第2話運命とは果たしてひとつなのだろうか!?

「いってきます」



家を出たところで、はたと彼女と目が合った。


俺は鹿島 轍。


好物はカップラーメン。好きなことは昼寝。特技はネットサーフィン。座右の銘は『世界は美少女でできている』。


そんなしがない高校生である俺の数少ない自慢できる点その1。


(顔は)めちゃくちゃ可愛い幼馴染がいることである。彼女の名前は志水 真理。丸眼鏡の似合うショート美人。物心がついた頃からの腐れ縁だ。


まあ、しかしどこで選択肢をミスったか、現実はエロゲのように甘くはなく、現状ではフラグはまるで息をしていない。

目が合っても無視がお決まりだ。志水は俺なんかに構うことなく、すたすたと先を歩き始めた。


くそっ。折角中学一年生以来の同じクラスだというのに、フラグの一つも建たずに桜の季節は過ぎ去ってしまった。

行動力という言葉が己の辞書から欠落している自分が悪いのだろうけど…。


スカートというこしゃくなベールに秘匿された、発育のよいヒップを眺めながら、一人悶々とする。エロい(確信)。



電車に揺られ、学校に着き、早速読みかけの小説を取り出す。


俺は根詰めて勉強するようなタチではないので、休み時間やることといったら睡眠か読書か。

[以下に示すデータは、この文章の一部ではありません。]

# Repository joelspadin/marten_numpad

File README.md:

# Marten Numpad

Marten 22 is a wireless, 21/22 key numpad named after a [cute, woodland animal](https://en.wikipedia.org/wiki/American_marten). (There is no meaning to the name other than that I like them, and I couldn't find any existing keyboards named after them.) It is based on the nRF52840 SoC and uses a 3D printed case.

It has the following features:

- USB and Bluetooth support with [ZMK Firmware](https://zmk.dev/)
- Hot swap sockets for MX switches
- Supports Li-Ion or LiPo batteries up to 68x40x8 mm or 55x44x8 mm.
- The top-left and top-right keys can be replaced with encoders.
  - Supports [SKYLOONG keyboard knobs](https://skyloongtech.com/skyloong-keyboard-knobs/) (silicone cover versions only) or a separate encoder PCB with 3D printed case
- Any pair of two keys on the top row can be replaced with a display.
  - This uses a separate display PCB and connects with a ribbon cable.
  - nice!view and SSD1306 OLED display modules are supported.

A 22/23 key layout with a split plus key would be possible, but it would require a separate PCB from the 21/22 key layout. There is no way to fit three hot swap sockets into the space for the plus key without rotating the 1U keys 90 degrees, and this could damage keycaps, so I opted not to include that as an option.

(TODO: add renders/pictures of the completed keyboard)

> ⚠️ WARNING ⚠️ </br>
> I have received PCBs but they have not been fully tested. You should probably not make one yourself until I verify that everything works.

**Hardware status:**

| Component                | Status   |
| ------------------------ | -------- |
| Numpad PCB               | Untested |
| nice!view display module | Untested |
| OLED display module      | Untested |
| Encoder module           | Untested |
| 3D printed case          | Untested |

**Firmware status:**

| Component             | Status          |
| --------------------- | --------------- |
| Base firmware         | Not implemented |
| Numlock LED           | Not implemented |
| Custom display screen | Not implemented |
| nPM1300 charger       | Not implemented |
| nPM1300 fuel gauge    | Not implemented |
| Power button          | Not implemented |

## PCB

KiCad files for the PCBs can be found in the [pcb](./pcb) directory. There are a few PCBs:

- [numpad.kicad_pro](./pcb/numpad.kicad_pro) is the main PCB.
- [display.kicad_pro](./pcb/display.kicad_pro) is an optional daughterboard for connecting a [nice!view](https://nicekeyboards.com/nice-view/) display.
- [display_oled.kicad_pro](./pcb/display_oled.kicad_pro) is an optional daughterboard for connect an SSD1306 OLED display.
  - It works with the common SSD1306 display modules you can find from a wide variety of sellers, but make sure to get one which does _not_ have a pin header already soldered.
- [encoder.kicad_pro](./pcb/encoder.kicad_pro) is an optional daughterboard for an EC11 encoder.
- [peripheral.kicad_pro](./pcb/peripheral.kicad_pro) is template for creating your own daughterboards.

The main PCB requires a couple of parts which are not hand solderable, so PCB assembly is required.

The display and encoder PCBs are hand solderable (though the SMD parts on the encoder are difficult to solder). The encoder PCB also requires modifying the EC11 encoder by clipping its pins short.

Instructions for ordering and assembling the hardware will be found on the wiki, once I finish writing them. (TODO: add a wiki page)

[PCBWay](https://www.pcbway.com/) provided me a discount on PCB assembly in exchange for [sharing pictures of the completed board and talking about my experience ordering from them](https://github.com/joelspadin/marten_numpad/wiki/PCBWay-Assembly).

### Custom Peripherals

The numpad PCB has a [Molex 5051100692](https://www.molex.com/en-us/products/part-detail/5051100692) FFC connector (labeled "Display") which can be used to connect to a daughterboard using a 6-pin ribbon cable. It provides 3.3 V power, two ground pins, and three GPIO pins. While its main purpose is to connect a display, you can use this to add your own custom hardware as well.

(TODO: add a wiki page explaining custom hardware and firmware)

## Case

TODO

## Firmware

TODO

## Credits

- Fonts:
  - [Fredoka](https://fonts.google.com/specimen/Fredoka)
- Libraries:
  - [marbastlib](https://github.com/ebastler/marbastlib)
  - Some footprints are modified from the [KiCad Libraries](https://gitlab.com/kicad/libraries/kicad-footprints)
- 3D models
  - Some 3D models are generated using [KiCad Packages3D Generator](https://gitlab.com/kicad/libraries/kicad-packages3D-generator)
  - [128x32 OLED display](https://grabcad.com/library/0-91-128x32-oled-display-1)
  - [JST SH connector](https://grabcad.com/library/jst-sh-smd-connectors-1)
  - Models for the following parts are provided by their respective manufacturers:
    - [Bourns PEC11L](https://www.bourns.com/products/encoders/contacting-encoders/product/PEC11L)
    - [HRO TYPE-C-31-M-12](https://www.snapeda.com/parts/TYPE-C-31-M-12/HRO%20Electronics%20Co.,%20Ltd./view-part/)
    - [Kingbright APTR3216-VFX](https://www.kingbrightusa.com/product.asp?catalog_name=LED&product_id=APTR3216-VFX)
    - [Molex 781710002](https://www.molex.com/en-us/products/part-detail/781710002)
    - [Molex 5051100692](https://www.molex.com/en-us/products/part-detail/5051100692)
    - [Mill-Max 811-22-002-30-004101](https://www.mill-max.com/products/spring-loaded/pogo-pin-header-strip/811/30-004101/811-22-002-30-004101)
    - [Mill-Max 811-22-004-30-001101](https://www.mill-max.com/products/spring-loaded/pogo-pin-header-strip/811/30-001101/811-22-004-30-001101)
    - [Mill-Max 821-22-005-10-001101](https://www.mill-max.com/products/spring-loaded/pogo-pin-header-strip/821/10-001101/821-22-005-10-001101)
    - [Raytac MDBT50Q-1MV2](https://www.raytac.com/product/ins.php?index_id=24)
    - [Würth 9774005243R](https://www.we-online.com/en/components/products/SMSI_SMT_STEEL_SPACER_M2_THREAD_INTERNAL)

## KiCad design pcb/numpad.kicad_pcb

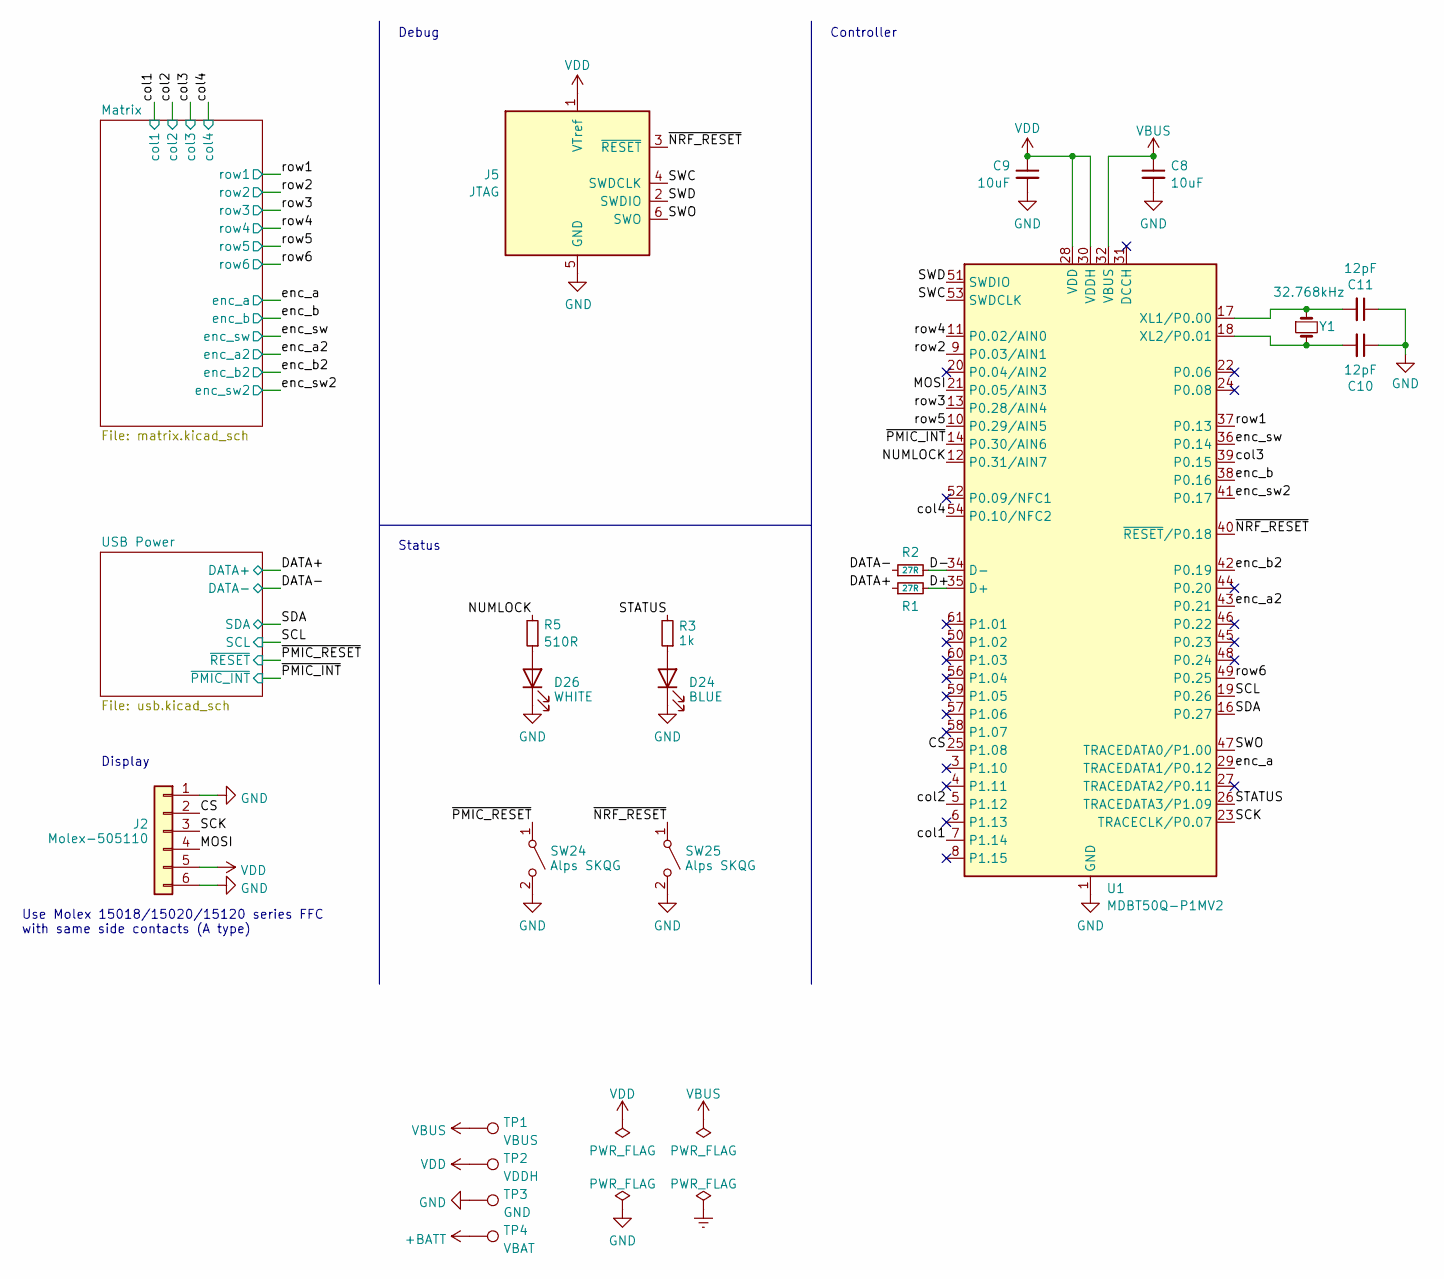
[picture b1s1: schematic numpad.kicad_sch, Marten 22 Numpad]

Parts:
C8, C9: 10uF; C_0603_1608Metric; Manufacturer Part Number GRM188Z71A106KA73D
C10, C11: 12pF; C_0402_1005Metric; Manufacturer Part Number CC0402GRNPO9BN120
D24: BLUE; LED_0603_1608Metric; Manufacturer Part Number NCD0603B5
D26: WHITE; LED_1206_3216Metric_ReverseMount_Hole2x2mm; Manufacturer Part Number MHT151WDT
J2: Molex-505110; Molex_5051100692_1x06_P0.5mm_Anchor; Manufacturer Part Number 5051100692
J5: JTAG; Tag-Connect_TC2030-IDC-NL_2x03_P1.27mm_Vertical; Manufacturer Part Number DNP
R1, R2: 27R; R_0402_1005Metric; Manufacturer Part Number RC0402FR-0727RL
R3: 1k; R_0603_1608Metric; Manufacturer Part Number FRC0603J102 TS
R5: 510R; R_0603_1608Metric; Manufacturer Part Number FRC0603J471 TS
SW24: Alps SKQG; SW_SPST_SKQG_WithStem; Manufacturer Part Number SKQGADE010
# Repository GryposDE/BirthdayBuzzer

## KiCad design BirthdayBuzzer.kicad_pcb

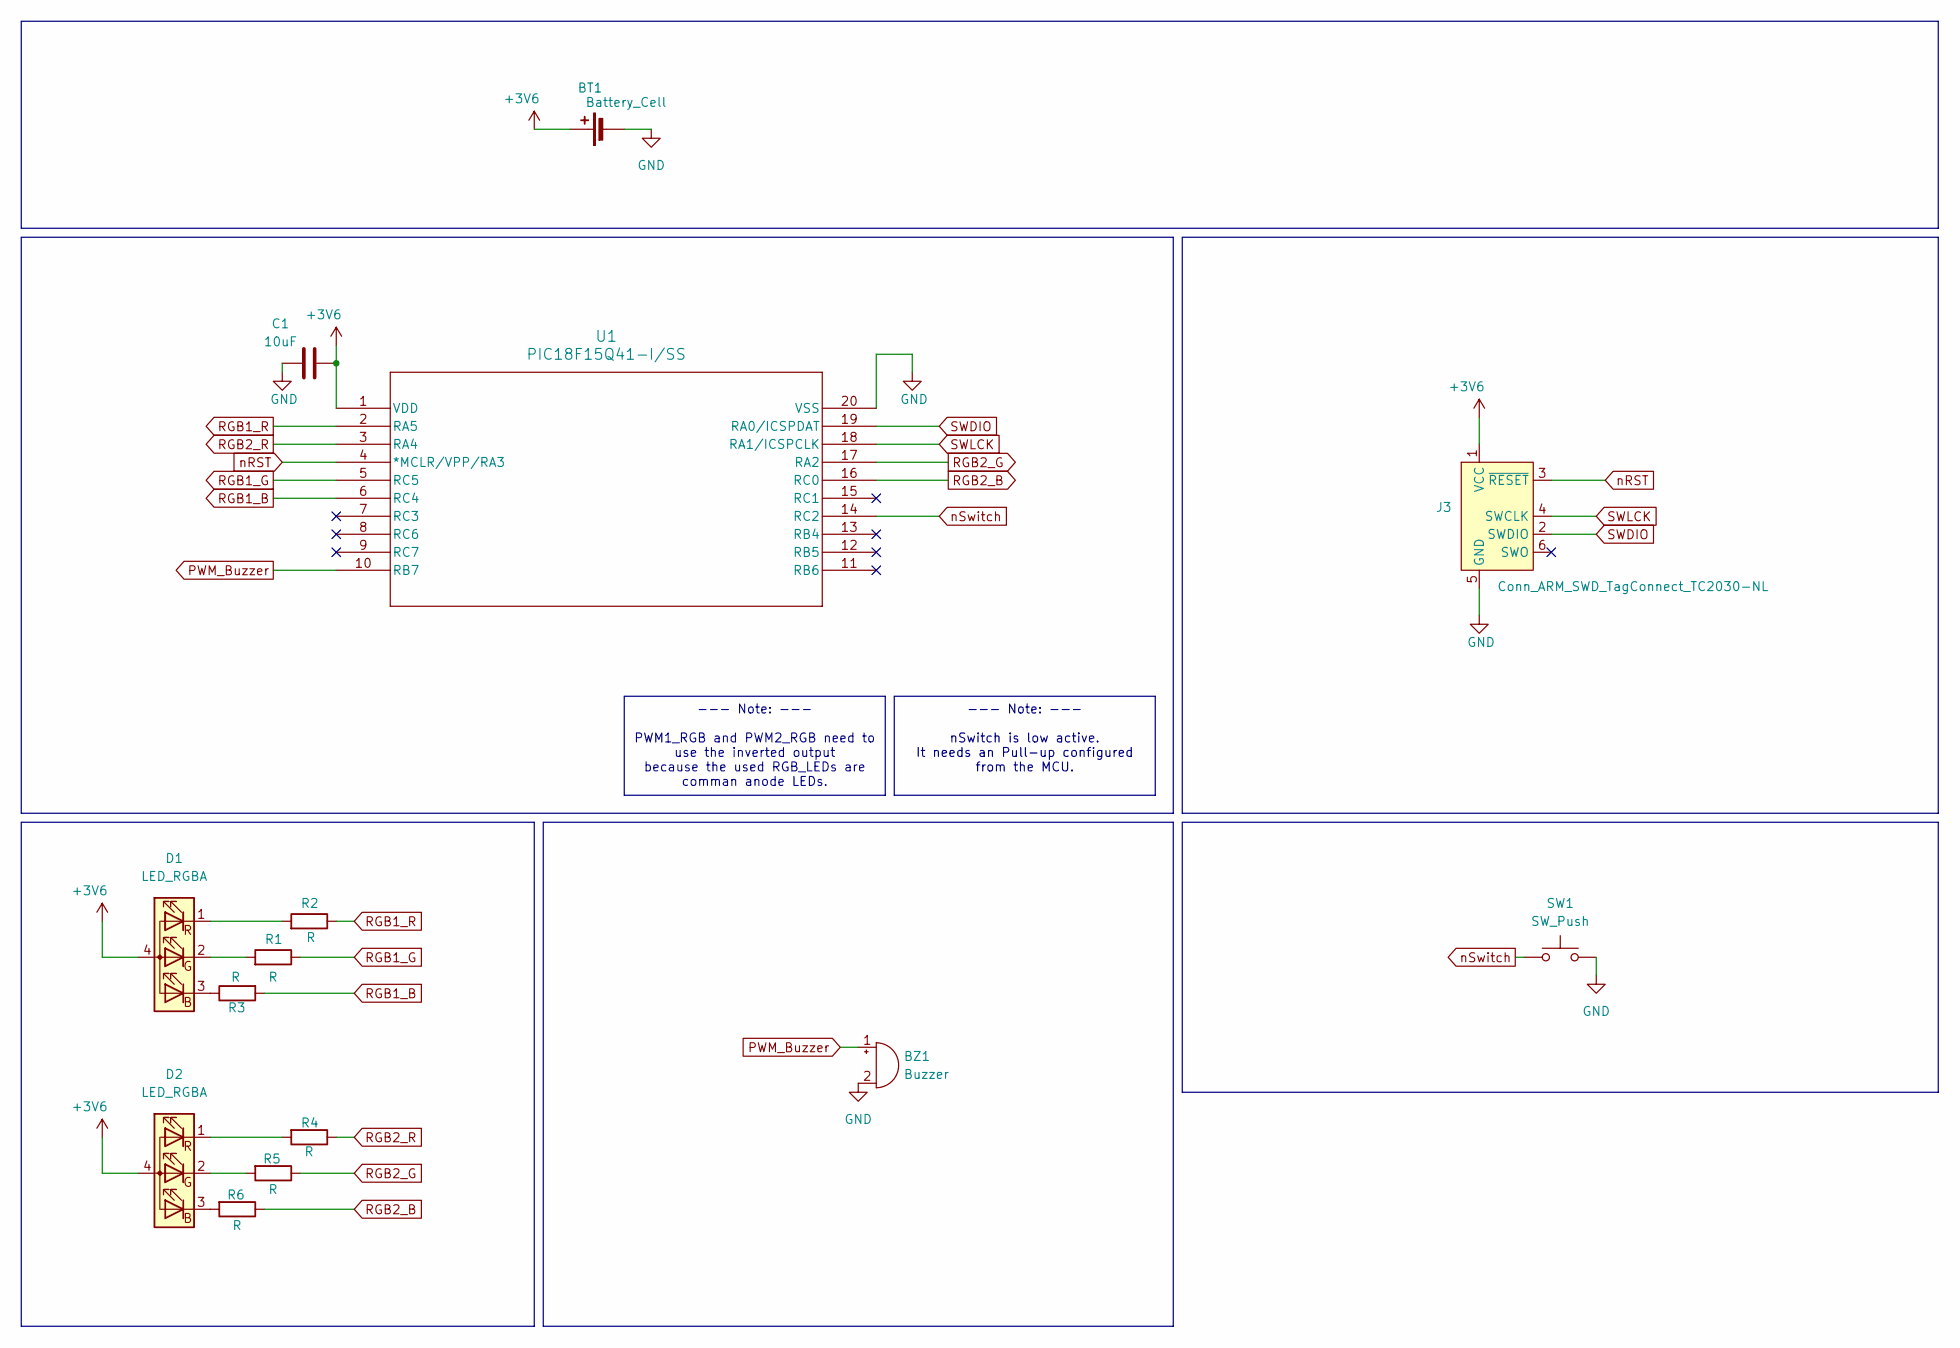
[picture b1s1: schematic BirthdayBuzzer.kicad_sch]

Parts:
BT1: Battery_Cell; BatteryHolder_Keystone_3034_1x20mm
BZ1: Buzzer; MagneticBuzzer_ProSignal_ABI-009-RC
C1: 10uF; C_Disc_D4.3mm_W1.9mm_P5.00mm
D1, D2: LED_RGBA; cr_RGB_LED
J3: Conn_ARM_SWD_TagConnect_TC2030-NL; Tag-Connect_TC2030-IDC-NL_2x03_P1.27mm_Vertical
R1, R2, R3, R4, R5, R6: R; R_Axial_DIN0207_L6.3mm_D2.5mm_P7.62mm_Horizontal
SW1: SW_Push; SW_SPST_PTS647_Sx38
U1: PIC18F15Q41-I/SS; SSOP20_SS_MCH

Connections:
+3V6: BT1.1 (+), C1.2, D1.4 (A), D2.4 (A), J3.1 (VCC), U1.1 (VDD)
GND: BT1.2 (-), BZ1.2 (-), C1.1, J3.5 (GND), SW1.2, U1.20 (VSS)
unnamed: D1.3 (BK), R3.1
unnamed: D1.2 (GK), R1.2
unnamed: D1.1 (RK), R2.2
unnamed: D2.3 (BK), R6.2
unnamed: D2.2 (GK), R5.2
unnamed: D2.1 (RK), R4.2
PWM_Buzzer: BZ1.1 (+), U1.10 (RB7)
RGB1_B: R3.2, U1.6 (RC4)
RGB1_G: R1.1, U1.5 (RC5)
RGB1_R: R2.1, U1.2 (RA5)
RGB2_B: R6.1, U1.16 (RC0)
RGB2_G: R5.1, U1.17 (RA2)
RGB2_R: R4.1, U1.3 (RA4)
SWDIO: J3.2 (SWDIO), U1.19 (RA0/ICSPDAT)
SWLCK: J3.4 (SWCLK), U1.18 (RA1/ICSPCLK)
nRST: J3.3 (~RESET), U1.4 (*MCLR/VPP/RA3)
nSwitch: SW1.1, U1.14 (RC2)

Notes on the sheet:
--- Note: --- PWM1_RGB and PWM2_RGB need to use the inverted output because the used RGB_LEDs are comman anode LEDs.
--- Note: --- nSwitch is low active. It needs an Pull-up configured from the MCU.

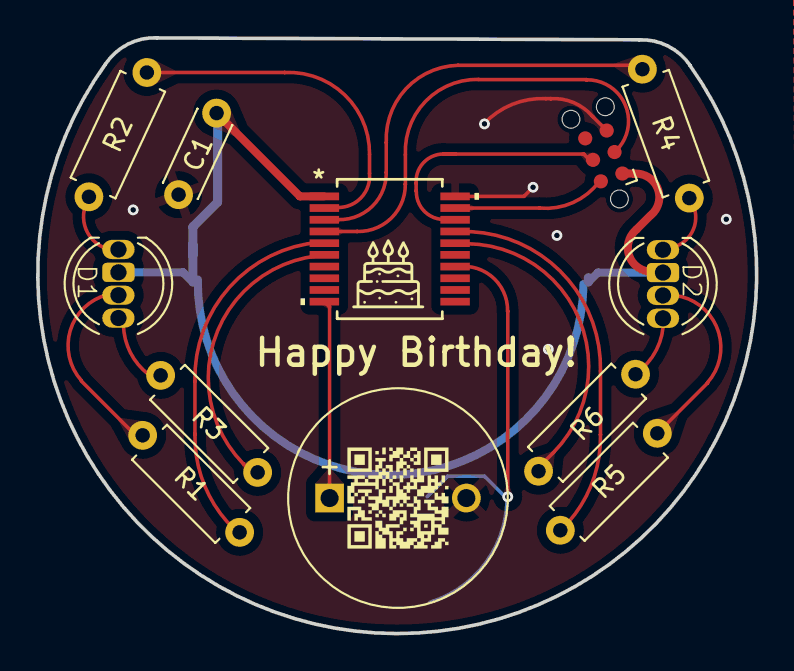
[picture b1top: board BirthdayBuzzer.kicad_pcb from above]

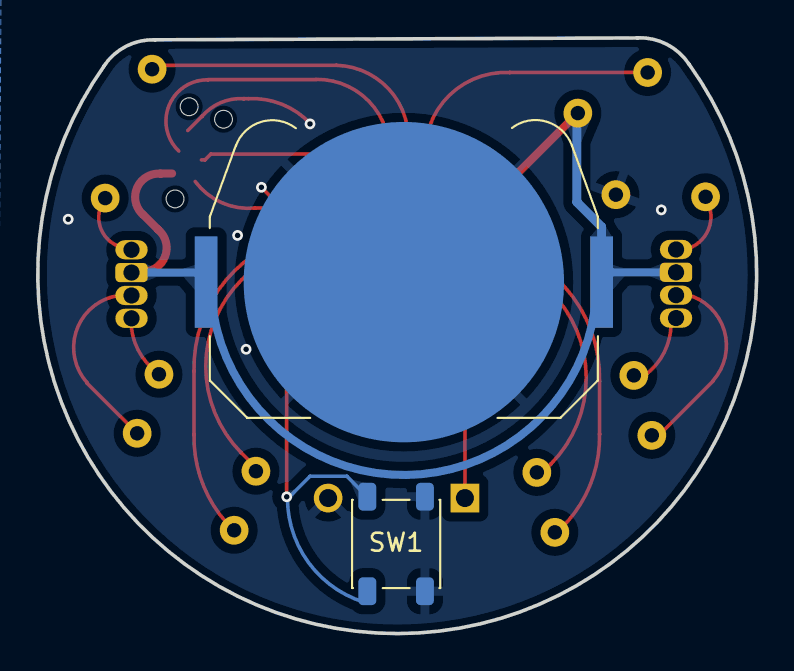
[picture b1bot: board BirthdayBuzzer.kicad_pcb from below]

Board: 2 copper layers, 39.9 x 33.1 mm, 14 parts (2 on the bottom side), 19 nets.

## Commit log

2025-04-12 BirthdayBuzzer_v1.0
2025-04-13 Added Github QR-Code to desgin
2025-04-13 Added gitignore
2025-04-13 Cleaned up schematics and added notes
2025-04-18 Fixed Capacitor in Schematics and GND in layout

まさに灰色を体で表しているような学園生活。ちなみに友達と胸をはって言える友達はいない。寂しい哉。


それでも新クラス初めての席替えで唯一の楽しみを得たといってよかろう。

これが俺の数少ない自慢できる点その2。隣の席の子がめっさ美少女。


漆黒のロングに雪のような肌、チャームポイント(であると思われる)泣きボクロ。

エロゲのドSなお姉さま系ヒロインを彷彿とさせる彼女の名前は平田 弥勒。

個人的に黒タイツ属性なのはポイントが高い。


彼女のやることといえば友達と話すでもなく、勉強するでもなく、かといって寝ることでもなく、専ら窓の外を眺めることである。非常にミステリアス。


俺はそんな彼女をチラ見する。


無意識に視線は、衣服の下からでも存在感を放つ彼女の圧倒的なたわわな果実に吸い寄せられてしまう。

これは万有引力の法則とかいうヤツで、質量が大きいほど吸い寄せる力が大きいからね。しょうがないね。byニュートン。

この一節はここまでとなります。